The Shizuoka district court cleared Iwao Hakamada, 88, in a retrial of the murders of four people in the central Japanese region in 1966.
A Japanese man said to have spent the world's longest time on death row was acquitted of murder on Thursday, his legal team said, ending his family's search for justice after a wrongful conviction for crimes committed nearly 60 years ago.
The Shizuoka district court cleared Iwao Hakamada, 88, in a retrial of the murders of four people in the central Japanese region in 1966.
It was sweet to hear the words "not guilty" in the courtroom, said Hideko Hakamada, who has battled for decades to clear her younger brother's name.
"When I heard that, I was so moved and happy, I couldn't stop crying," she told a televised briefing.
Hakamada spent 45 years on death row before a court ordered his release and a retrial in 2014 amid doubts about the evidence on which his conviction was based.

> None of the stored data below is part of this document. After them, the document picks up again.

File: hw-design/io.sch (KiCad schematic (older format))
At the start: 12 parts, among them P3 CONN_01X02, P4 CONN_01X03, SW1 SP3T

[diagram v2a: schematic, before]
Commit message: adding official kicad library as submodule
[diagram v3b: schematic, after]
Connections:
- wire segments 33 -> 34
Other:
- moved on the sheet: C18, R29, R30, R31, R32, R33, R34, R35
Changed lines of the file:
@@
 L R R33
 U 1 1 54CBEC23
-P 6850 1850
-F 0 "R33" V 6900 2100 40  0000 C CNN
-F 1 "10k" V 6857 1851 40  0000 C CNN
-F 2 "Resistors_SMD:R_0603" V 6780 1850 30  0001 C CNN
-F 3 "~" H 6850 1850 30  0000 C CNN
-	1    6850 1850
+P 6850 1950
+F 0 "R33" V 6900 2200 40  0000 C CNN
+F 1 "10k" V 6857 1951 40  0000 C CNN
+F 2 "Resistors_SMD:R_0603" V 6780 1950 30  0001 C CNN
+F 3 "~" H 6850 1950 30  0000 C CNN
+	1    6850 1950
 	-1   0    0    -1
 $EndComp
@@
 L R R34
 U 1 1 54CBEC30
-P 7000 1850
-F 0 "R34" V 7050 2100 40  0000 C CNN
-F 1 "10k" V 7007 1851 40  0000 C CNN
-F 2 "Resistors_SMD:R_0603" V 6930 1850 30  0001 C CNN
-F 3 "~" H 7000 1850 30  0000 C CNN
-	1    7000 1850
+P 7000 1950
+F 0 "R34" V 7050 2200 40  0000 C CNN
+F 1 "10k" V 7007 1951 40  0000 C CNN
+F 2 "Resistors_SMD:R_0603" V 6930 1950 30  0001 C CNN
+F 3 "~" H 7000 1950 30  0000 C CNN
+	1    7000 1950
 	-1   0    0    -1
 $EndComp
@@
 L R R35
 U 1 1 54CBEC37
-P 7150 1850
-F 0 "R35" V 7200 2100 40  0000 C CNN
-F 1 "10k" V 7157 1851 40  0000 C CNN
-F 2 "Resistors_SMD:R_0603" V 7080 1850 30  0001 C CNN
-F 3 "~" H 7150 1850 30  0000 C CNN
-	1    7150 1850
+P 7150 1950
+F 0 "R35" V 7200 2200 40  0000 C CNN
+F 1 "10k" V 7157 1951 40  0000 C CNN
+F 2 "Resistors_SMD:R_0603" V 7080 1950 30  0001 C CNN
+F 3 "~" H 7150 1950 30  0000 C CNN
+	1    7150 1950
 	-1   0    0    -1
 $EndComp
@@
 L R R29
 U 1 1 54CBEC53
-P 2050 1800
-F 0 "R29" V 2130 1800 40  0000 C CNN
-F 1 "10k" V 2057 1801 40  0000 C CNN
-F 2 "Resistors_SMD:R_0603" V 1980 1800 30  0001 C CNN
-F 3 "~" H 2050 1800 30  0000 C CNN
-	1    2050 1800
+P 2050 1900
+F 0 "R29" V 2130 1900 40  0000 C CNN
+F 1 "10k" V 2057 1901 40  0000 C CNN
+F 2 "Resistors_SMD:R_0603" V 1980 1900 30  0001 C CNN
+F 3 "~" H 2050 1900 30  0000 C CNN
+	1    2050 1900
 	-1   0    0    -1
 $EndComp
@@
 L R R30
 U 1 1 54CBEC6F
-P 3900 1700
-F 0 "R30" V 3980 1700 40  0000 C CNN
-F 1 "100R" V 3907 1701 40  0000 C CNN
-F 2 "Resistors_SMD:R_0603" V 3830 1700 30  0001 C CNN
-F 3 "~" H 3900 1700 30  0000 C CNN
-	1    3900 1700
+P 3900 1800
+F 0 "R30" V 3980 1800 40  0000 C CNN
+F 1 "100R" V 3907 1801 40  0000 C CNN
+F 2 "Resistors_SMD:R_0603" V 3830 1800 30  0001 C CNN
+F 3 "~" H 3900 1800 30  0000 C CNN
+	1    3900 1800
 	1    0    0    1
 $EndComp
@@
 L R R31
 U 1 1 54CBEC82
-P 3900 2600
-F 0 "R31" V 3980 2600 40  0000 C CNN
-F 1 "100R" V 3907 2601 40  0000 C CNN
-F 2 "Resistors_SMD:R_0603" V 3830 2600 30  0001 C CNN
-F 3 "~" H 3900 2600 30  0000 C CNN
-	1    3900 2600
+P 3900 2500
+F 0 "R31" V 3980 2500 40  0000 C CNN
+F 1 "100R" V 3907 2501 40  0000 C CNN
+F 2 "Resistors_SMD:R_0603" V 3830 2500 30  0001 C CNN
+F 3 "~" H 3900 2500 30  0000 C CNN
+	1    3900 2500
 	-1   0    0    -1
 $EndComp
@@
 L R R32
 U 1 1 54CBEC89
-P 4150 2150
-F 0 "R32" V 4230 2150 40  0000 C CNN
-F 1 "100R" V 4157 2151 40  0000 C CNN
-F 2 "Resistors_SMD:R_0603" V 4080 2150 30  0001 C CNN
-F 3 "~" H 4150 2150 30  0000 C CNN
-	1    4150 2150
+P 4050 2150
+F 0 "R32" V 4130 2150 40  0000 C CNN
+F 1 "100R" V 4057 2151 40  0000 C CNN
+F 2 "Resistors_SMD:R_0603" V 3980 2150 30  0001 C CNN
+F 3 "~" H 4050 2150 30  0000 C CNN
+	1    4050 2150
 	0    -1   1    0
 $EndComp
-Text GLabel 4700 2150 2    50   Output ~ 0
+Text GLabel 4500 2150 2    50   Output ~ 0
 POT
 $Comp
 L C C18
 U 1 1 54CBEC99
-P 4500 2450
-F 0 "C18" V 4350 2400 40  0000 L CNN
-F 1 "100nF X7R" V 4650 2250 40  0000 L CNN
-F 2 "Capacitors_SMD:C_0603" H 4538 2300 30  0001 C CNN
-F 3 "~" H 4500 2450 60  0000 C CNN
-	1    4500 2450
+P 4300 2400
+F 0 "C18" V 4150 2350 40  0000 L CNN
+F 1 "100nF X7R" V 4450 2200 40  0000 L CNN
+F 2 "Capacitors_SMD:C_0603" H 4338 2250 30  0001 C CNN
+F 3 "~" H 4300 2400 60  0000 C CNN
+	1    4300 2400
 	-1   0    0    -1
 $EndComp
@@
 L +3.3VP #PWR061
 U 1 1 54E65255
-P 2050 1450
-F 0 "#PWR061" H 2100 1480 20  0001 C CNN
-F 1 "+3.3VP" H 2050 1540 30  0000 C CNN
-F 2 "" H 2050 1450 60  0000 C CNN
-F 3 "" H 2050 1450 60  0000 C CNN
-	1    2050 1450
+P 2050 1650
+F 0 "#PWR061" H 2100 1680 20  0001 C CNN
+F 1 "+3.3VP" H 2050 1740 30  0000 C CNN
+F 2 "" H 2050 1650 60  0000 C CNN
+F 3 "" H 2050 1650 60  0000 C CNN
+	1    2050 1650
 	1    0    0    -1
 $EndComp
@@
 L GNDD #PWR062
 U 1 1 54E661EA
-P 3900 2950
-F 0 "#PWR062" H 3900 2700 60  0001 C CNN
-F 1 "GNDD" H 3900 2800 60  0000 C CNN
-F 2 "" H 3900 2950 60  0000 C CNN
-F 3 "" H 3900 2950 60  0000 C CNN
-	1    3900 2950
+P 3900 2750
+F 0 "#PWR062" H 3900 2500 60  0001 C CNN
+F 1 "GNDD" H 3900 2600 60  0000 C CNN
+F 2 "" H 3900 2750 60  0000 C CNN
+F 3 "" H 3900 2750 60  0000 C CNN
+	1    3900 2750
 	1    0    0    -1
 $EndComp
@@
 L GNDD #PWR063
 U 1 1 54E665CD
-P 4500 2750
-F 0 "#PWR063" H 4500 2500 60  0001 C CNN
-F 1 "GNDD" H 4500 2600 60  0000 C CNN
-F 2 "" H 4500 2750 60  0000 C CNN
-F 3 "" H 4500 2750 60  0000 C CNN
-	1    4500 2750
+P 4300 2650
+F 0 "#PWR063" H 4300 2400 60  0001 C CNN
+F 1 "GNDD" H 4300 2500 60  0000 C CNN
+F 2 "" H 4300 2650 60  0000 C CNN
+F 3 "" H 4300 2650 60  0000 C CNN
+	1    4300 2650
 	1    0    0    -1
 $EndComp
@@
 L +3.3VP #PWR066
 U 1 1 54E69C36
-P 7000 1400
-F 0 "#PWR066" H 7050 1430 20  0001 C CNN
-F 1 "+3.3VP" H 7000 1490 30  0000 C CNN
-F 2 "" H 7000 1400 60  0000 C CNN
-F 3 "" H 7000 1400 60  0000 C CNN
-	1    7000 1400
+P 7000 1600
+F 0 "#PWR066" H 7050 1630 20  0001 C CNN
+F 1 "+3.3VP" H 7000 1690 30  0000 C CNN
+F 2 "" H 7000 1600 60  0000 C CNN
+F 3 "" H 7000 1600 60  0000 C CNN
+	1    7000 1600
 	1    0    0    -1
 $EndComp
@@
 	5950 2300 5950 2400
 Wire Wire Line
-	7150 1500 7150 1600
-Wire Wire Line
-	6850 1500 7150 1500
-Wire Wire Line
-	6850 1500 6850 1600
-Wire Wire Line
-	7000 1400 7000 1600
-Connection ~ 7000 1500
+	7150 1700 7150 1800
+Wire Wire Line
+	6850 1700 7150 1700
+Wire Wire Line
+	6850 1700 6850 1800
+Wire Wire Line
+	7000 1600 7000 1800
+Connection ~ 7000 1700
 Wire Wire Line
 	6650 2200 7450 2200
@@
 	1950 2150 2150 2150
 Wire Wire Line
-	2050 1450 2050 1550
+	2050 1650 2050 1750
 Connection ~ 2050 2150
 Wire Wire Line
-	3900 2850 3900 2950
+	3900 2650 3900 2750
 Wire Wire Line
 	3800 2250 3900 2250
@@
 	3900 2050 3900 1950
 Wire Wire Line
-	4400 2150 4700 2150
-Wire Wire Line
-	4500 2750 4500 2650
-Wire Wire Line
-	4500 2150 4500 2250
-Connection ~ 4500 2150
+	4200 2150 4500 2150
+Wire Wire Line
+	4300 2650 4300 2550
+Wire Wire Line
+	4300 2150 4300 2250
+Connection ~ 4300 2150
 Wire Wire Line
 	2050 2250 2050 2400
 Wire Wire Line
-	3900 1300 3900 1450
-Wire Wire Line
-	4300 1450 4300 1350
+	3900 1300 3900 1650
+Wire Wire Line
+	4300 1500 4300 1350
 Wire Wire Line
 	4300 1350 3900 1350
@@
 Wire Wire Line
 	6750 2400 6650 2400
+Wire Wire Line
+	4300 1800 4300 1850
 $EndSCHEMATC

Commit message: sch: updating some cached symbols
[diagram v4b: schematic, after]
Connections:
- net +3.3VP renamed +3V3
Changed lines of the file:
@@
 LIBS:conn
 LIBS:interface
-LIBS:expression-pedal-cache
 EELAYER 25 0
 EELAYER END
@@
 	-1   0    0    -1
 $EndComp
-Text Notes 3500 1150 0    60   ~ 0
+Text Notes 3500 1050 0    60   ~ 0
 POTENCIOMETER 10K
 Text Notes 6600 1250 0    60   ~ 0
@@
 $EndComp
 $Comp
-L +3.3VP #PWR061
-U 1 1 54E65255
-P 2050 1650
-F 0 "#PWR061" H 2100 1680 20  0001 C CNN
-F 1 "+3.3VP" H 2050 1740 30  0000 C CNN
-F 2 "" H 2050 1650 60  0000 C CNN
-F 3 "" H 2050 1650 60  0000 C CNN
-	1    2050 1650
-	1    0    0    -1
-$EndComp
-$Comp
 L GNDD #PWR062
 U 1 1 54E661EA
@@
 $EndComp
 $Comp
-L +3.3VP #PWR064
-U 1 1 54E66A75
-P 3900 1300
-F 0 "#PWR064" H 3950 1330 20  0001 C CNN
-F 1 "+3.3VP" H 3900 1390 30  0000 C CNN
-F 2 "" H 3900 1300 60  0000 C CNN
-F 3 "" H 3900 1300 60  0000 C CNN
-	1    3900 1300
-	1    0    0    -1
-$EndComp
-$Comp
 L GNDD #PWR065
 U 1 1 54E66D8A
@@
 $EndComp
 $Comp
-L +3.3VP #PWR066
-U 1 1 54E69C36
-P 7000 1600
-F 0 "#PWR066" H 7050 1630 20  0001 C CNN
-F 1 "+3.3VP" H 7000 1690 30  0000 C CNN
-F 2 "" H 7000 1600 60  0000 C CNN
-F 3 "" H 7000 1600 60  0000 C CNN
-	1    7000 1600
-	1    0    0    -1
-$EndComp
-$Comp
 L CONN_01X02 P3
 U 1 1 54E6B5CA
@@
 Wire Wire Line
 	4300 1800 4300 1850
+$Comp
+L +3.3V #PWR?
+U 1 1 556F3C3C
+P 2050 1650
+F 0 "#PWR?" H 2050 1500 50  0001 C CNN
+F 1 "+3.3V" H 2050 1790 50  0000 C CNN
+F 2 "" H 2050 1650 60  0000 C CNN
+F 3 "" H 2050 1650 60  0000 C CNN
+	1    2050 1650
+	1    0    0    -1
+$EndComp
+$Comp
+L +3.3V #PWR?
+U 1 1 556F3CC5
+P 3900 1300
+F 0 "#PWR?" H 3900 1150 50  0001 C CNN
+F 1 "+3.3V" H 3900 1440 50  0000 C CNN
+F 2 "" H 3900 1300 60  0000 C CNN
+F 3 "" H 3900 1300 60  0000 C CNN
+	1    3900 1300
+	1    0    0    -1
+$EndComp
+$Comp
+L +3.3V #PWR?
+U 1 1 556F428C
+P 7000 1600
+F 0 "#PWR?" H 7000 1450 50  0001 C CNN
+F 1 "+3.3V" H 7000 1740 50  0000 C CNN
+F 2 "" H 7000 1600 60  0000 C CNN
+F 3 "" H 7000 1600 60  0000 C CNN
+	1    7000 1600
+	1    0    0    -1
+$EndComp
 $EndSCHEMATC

The former boxer, who has lived with his sister since his release, had been accused of stabbing to death his former boss and family before burning down their home.
Though he briefly admitted to the killings, he retracted the confession and pleaded innocent during his trial, but was nevertheless sentenced to death in 1968, a penalty upheld by Japan's Supreme Court in 1980.
Norimichi Kumamoto, one of the Shizuoka court's three judges who had sentenced Hakamada to death, petitioned the Supreme Court for a retrial in 2008, but was rejected.
Hakamada's lawyers had argued that DNA tests on bloodstained clothing said to belong to their client showed the blood was not his.
Rights group Amnesty International hailed the exoneration as a "pivotal moment for justice" and urged Japan to scrap the death penalty.
"After enduring almost half a century of wrongful imprisonment and a further 10 years waiting for his retrial, this verdict is an important recognition of the profound injustice he endured for most of his life," Amnesty said.
"It ends an inspiring fight to clear his name," it added in a statement.
The government's top spokesperson, Chief Cabinet Secretary Yoshimasa Hayashi, declined comment on individual cases, but acknowledged the Shizuoka court's ruling.